*Data for processing*:
----------

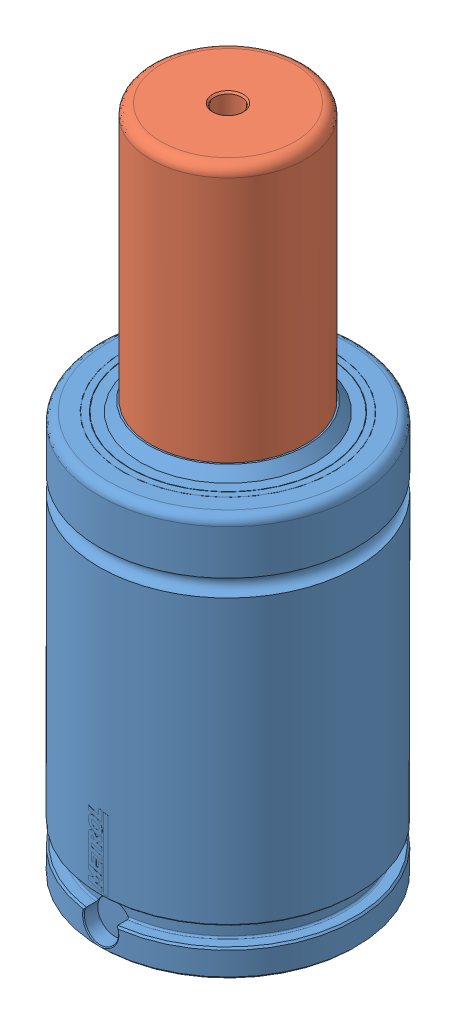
SolidWorks assembly EX2400-075.SLDASM, configuration Default (file format 7000). Lengths in mm.
Overall size (83.36 195 83.36).
2 component instances, 2 part files, 5 mates.
Components (placement in the parent):
- EX-2400 Body-1: EX-2400 Body.SLDPRT [EX-2500-075] x (0 0 1) z (0 -1 0) size (75.1 75 120)
- EX-2400 Piston-1: EX-2400 Piston.SLDPRT [EX-2500-075] at (0 102 0) x (-0.826731 0 0.562597) z (0 -1 0) size (60 60 93)
Mates (geometry in assembly coordinates):
- Concentric1: concentric anti-aligned: cylinder of EX-2400 Body-1 through (0 0 0) axis (0 -1 0) radius 22.5; cylinder of EX-2400 Piston-1 through (0 183.6906 0) axis (0 1 0) radius 22.5
- LimitDistance1: limit distance anti-aligned: plane of EX-2400 Body-1 through (-22.5 107 0) normal (0 -1 0); plane of EX-2400 Piston-1 through (-16.8779 107 -24.8019) normal (0 1 0)
- Coincident1: coincident anti-aligned: plane of EX-2400 Body-1 through (0 0 0) normal (0 -1 0); plane of assembly through (0 0 0) normal (0 1 0)
- Coincident3: coincident aligned: plane of EX-2400 Body-1; plane of assembly through (0 0 0) normal (0 0 1)
- Coincident4: coincident anti-aligned: plane of EX-2400 Body-1; plane of assembly through (0 0 0) normal (1 0 0)

----------

*What is being asked*: Print each line of the material above exactly, with the pictures removed from your copy.

*Reply*:
SolidWorks assembly EX2400-075.SLDASM, configuration Default (file format 7000). Lengths in mm.
Overall size (83.36 195 83.36).
2 component instances, 2 part files, 5 mates.
Components (placement in the parent):
- EX-2400 Body-1: EX-2400 Body.SLDPRT [EX-2500-075] x (0 0 1) z (0 -1 0) size (75.1 75 120)
- EX-2400 Piston-1: EX-2400 Piston.SLDPRT [EX-2500-075] at (0 102 0) x (-0.826731 0 0.562597) z (0 -1 0) size (60 60 93)
Mates (geometry in assembly coordinates):
- Concentric1: concentric anti-aligned: cylinder of EX-2400 Body-1 through (0 0 0) axis (0 -1 0) radius 22.5; cylinder of EX-2400 Piston-1 through (0 183.6906 0) axis (0 1 0) radius 22.5
- LimitDistance1: limit distance anti-aligned: plane of EX-2400 Body-1 through (-22.5 107 0) normal (0 -1 0); plane of EX-2400 Piston-1 through (-16.8779 107 -24.8019) normal (0 1 0)
- Coincident1: coincident anti-aligned: plane of EX-2400 Body-1 through (0 0 0) normal (0 -1 0); plane of assembly through (0 0 0) normal (0 1 0)
- Coincident3: coincident aligned: plane of EX-2400 Body-1; plane of assembly through (0 0 0) normal (0 0 1)
- Coincident4: coincident anti-aligned: plane of EX-2400 Body-1; plane of assembly through (0 0 0) normal (1 0 0)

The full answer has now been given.